[Record excerpts — start]
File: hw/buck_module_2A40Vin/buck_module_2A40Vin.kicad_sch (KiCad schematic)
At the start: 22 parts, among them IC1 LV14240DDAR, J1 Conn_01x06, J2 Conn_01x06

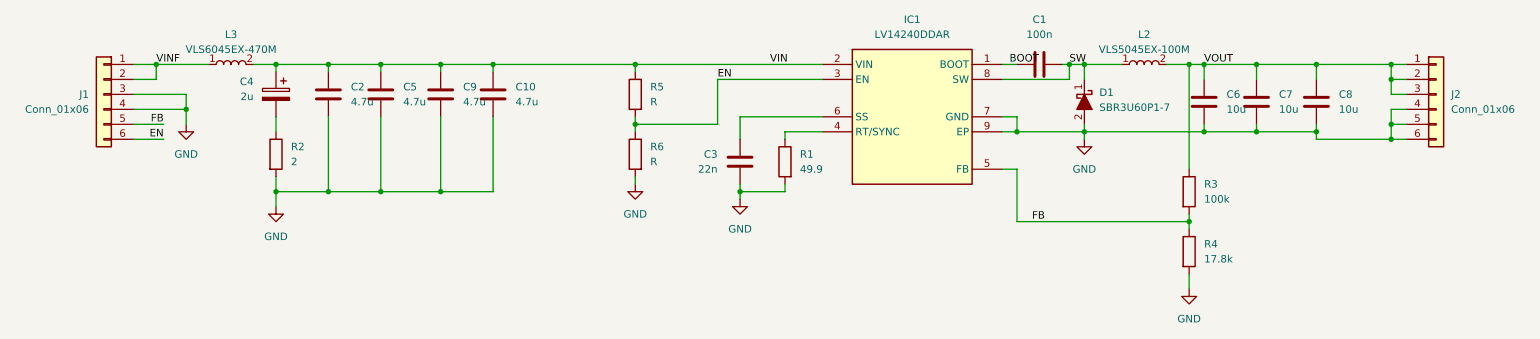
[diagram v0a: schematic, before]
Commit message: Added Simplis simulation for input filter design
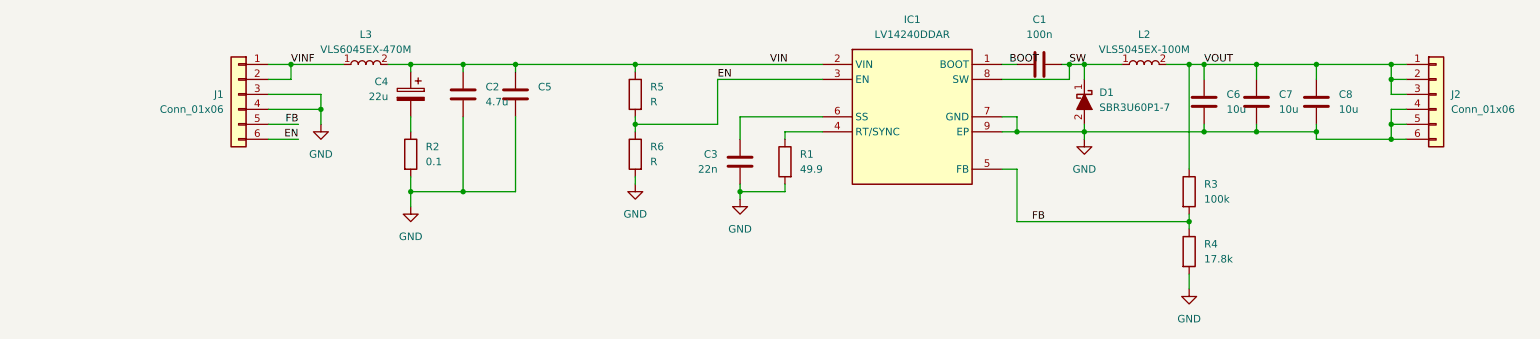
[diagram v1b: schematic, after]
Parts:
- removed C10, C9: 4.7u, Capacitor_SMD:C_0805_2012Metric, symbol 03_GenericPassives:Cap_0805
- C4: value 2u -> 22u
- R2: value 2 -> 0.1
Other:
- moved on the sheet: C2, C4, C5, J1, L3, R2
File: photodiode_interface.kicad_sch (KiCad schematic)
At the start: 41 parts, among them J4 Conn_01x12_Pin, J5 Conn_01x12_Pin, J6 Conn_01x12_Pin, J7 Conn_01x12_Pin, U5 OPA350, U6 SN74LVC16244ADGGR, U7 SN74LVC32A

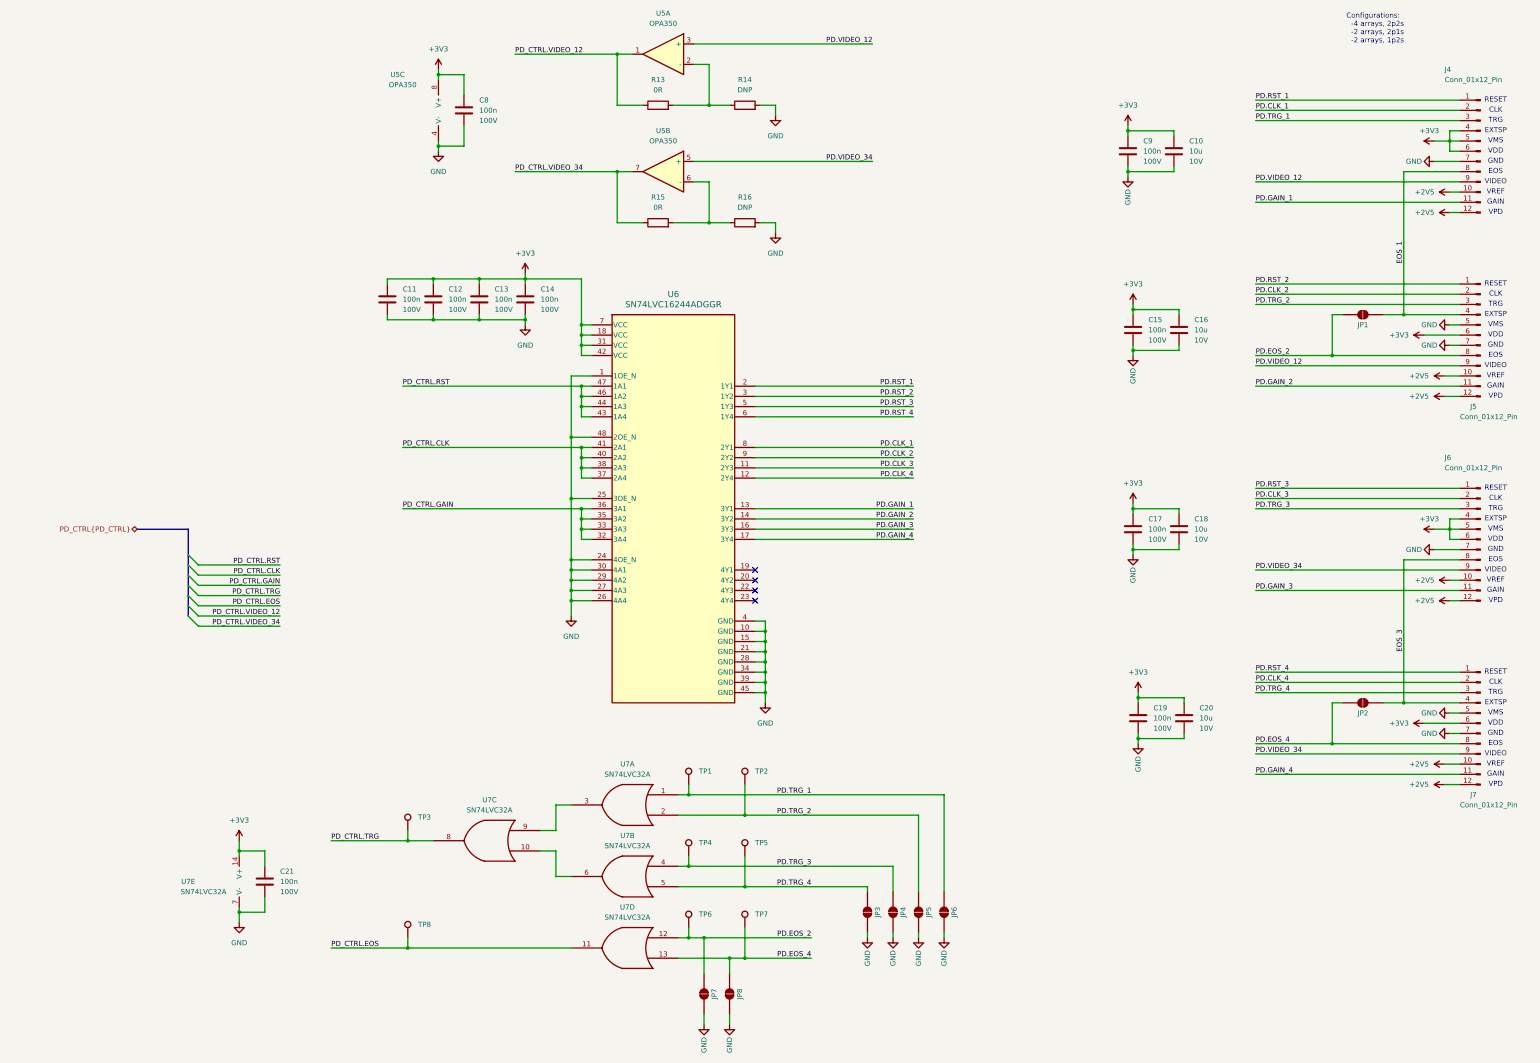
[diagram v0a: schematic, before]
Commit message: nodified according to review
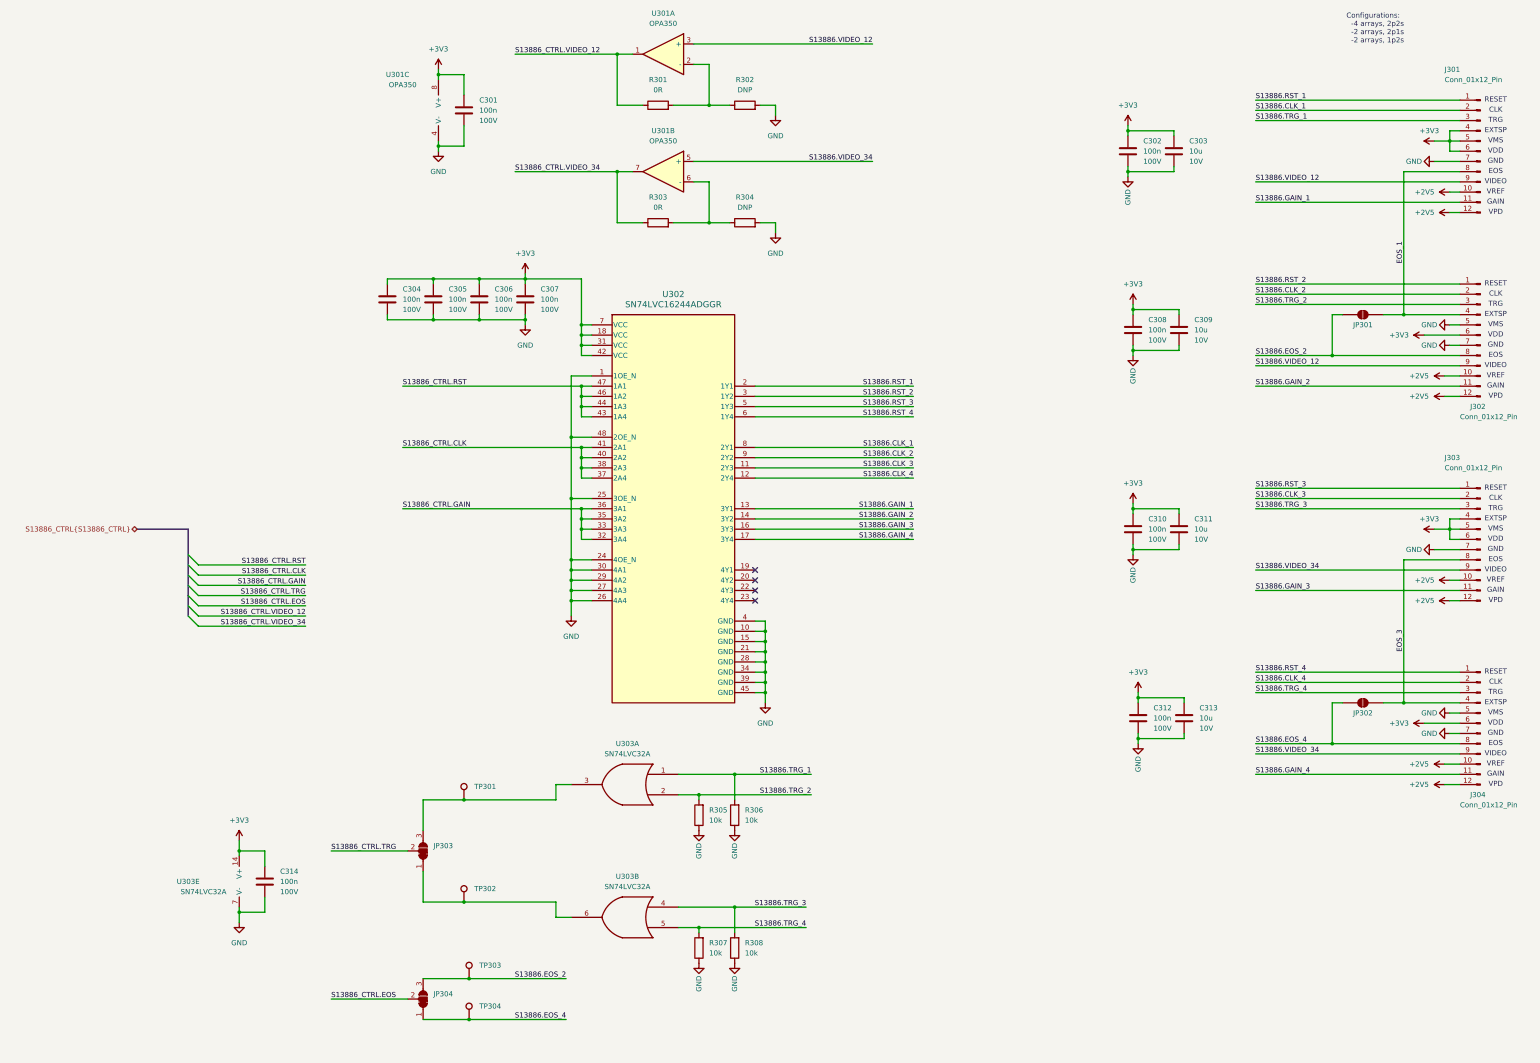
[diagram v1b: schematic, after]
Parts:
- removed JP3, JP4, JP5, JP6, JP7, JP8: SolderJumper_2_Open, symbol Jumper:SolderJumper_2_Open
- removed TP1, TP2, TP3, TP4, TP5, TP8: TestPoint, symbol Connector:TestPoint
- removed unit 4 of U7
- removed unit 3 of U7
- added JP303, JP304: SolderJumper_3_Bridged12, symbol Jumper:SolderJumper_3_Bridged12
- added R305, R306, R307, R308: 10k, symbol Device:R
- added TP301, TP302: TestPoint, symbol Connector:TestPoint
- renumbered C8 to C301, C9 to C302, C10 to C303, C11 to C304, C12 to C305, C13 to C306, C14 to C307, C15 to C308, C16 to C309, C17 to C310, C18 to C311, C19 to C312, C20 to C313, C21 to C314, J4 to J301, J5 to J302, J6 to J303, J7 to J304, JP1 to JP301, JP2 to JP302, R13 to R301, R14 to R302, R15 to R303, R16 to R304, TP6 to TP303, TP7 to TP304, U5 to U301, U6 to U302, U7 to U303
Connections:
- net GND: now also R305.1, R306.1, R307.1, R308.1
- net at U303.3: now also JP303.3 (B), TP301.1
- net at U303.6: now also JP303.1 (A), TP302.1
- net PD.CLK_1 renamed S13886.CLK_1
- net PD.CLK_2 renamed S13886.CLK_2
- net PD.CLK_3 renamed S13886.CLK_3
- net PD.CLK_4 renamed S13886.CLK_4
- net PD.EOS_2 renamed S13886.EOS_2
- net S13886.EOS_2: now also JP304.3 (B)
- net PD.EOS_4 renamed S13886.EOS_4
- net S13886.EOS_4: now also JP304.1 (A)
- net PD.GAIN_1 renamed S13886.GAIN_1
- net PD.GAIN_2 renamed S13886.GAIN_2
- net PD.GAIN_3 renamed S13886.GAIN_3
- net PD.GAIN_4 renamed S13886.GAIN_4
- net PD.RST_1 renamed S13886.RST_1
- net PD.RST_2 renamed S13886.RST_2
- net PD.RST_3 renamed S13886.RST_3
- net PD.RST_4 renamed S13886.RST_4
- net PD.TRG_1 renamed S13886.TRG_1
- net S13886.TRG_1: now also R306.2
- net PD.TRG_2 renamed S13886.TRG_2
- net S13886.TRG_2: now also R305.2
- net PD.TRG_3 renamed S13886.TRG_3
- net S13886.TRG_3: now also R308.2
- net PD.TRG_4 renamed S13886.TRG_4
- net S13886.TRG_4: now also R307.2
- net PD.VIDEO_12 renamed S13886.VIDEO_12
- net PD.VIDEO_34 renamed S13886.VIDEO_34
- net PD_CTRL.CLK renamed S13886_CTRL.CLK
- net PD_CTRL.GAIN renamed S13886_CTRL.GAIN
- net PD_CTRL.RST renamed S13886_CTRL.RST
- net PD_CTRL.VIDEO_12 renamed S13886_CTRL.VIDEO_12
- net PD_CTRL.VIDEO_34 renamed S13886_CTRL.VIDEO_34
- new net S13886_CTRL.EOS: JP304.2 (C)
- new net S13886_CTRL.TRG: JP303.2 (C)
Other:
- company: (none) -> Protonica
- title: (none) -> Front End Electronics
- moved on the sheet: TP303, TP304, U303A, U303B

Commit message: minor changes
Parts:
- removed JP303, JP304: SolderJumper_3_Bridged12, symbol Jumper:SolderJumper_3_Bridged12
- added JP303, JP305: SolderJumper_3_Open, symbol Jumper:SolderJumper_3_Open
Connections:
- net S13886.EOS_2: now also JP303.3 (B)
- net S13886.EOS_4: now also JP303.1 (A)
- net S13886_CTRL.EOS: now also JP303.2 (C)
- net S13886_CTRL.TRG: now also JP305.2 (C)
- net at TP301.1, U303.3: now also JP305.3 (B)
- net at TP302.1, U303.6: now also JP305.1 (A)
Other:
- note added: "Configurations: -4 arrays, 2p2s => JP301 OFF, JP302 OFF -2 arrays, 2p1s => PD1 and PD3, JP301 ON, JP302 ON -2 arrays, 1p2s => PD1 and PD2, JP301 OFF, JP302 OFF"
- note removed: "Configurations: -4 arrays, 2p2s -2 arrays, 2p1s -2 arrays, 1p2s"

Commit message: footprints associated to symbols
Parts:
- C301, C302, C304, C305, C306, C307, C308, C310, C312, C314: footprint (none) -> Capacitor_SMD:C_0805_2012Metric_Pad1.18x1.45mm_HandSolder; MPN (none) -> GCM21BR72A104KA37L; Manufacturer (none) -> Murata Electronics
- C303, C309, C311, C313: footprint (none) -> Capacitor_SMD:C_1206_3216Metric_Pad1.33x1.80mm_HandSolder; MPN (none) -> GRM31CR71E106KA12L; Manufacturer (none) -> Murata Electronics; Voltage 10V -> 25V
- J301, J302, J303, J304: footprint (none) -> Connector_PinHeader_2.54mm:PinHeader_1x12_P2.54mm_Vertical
[Record excerpts — finish]
What the answer must hold: all the data above, given again exactly, without pictures.

_Exercise answer_.
File: hw/buck_module_2A40Vin/buck_module_2A40Vin.kicad_sch (KiCad schematic)
At the start: 22 parts, among them IC1 LV14240DDAR, J1 Conn_01x06, J2 Conn_01x06

[diagram v0a: schematic, before]
Commit message: Added Simplis simulation for input filter design
[diagram v1b: schematic, after]
Parts:
- removed C10, C9: 4.7u, Capacitor_SMD:C_0805_2012Metric, symbol 03_GenericPassives:Cap_0805
- C4: value 2u -> 22u
- R2: value 2 -> 0.1
Other:
- moved on the sheet: C2, C4, C5, J1, L3, R2
File: photodiode_interface.kicad_sch (KiCad schematic)
At the start: 41 parts, among them J4 Conn_01x12_Pin, J5 Conn_01x12_Pin, J6 Conn_01x12_Pin, J7 Conn_01x12_Pin, U5 OPA350, U6 SN74LVC16244ADGGR, U7 SN74LVC32A

[diagram v0a: schematic, before]
Commit message: nodified according to review
[diagram v1b: schematic, after]
Parts:
- removed JP3, JP4, JP5, JP6, JP7, JP8: SolderJumper_2_Open, symbol Jumper:SolderJumper_2_Open
- removed TP1, TP2, TP3, TP4, TP5, TP8: TestPoint, symbol Connector:TestPoint
- removed unit 4 of U7
- removed unit 3 of U7
- added JP303, JP304: SolderJumper_3_Bridged12, symbol Jumper:SolderJumper_3_Bridged12
- added R305, R306, R307, R308: 10k, symbol Device:R
- added TP301, TP302: TestPoint, symbol Connector:TestPoint
- renumbered C8 to C301, C9 to C302, C10 to C303, C11 to C304, C12 to C305, C13 to C306, C14 to C307, C15 to C308, C16 to C309, C17 to C310, C18 to C311, C19 to C312, C20 to C313, C21 to C314, J4 to J301, J5 to J302, J6 to J303, J7 to J304, JP1 to JP301, JP2 to JP302, R13 to R301, R14 to R302, R15 to R303, R16 to R304, TP6 to TP303, TP7 to TP304, U5 to U301, U6 to U302, U7 to U303
Connections:
- net GND: now also R305.1, R306.1, R307.1, R308.1
- net at U303.3: now also JP303.3 (B), TP301.1
- net at U303.6: now also JP303.1 (A), TP302.1
- net PD.CLK_1 renamed S13886.CLK_1
- net PD.CLK_2 renamed S13886.CLK_2
- net PD.CLK_3 renamed S13886.CLK_3
- net PD.CLK_4 renamed S13886.CLK_4
- net PD.EOS_2 renamed S13886.EOS_2
- net S13886.EOS_2: now also JP304.3 (B)
- net PD.EOS_4 renamed S13886.EOS_4
- net S13886.EOS_4: now also JP304.1 (A)
- net PD.GAIN_1 renamed S13886.GAIN_1
- net PD.GAIN_2 renamed S13886.GAIN_2
- net PD.GAIN_3 renamed S13886.GAIN_3
- net PD.GAIN_4 renamed S13886.GAIN_4
- net PD.RST_1 renamed S13886.RST_1
- net PD.RST_2 renamed S13886.RST_2
- net PD.RST_3 renamed S13886.RST_3
- net PD.RST_4 renamed S13886.RST_4
- net PD.TRG_1 renamed S13886.TRG_1
- net S13886.TRG_1: now also R306.2
- net PD.TRG_2 renamed S13886.TRG_2
- net S13886.TRG_2: now also R305.2
- net PD.TRG_3 renamed S13886.TRG_3
- net S13886.TRG_3: now also R308.2
- net PD.TRG_4 renamed S13886.TRG_4
- net S13886.TRG_4: now also R307.2
- net PD.VIDEO_12 renamed S13886.VIDEO_12
- net PD.VIDEO_34 renamed S13886.VIDEO_34
- net PD_CTRL.CLK renamed S13886_CTRL.CLK
- net PD_CTRL.GAIN renamed S13886_CTRL.GAIN
- net PD_CTRL.RST renamed S13886_CTRL.RST
- net PD_CTRL.VIDEO_12 renamed S13886_CTRL.VIDEO_12
- net PD_CTRL.VIDEO_34 renamed S13886_CTRL.VIDEO_34
- new net S13886_CTRL.EOS: JP304.2 (C)
- new net S13886_CTRL.TRG: JP303.2 (C)
Other:
- company: (none) -> Protonica
- title: (none) -> Front End Electronics
- moved on the sheet: TP303, TP304, U303A, U303B

Commit message: minor changes
Parts:
- removed JP303, JP304: SolderJumper_3_Bridged12, symbol Jumper:SolderJumper_3_Bridged12
- added JP303, JP305: SolderJumper_3_Open, symbol Jumper:SolderJumper_3_Open
Connections:
- net S13886.EOS_2: now also JP303.3 (B)
- net S13886.EOS_4: now also JP303.1 (A)
- net S13886_CTRL.EOS: now also JP303.2 (C)
- net S13886_CTRL.TRG: now also JP305.2 (C)
- net at TP301.1, U303.3: now also JP305.3 (B)
- net at TP302.1, U303.6: now also JP305.1 (A)
Other:
- note added: "Configurations: -4 arrays, 2p2s => JP301 OFF, JP302 OFF -2 arrays, 2p1s => PD1 and PD3, JP301 ON, JP302 ON -2 arrays, 1p2s => PD1 and PD2, JP301 OFF, JP302 OFF"
- note removed: "Configurations: -4 arrays, 2p2s -2 arrays, 2p1s -2 arrays, 1p2s"

Commit message: footprints associated to symbols
Parts:
- C301, C302, C304, C305, C306, C307, C308, C310, C312, C314: footprint (none) -> Capacitor_SMD:C_0805_2012Metric_Pad1.18x1.45mm_HandSolder; MPN (none) -> GCM21BR72A104KA37L; Manufacturer (none) -> Murata Electronics
- C303, C309, C311, C313: footprint (none) -> Capacitor_SMD:C_1206_3216Metric_Pad1.33x1.80mm_HandSolder; MPN (none) -> GRM31CR71E106KA12L; Manufacturer (none) -> Murata Electronics; Voltage 10V -> 25V
- J301, J302, J303, J304: footprint (none) -> Connector_PinHeader_2.54mm:PinHeader_1x12_P2.54mm_Vertical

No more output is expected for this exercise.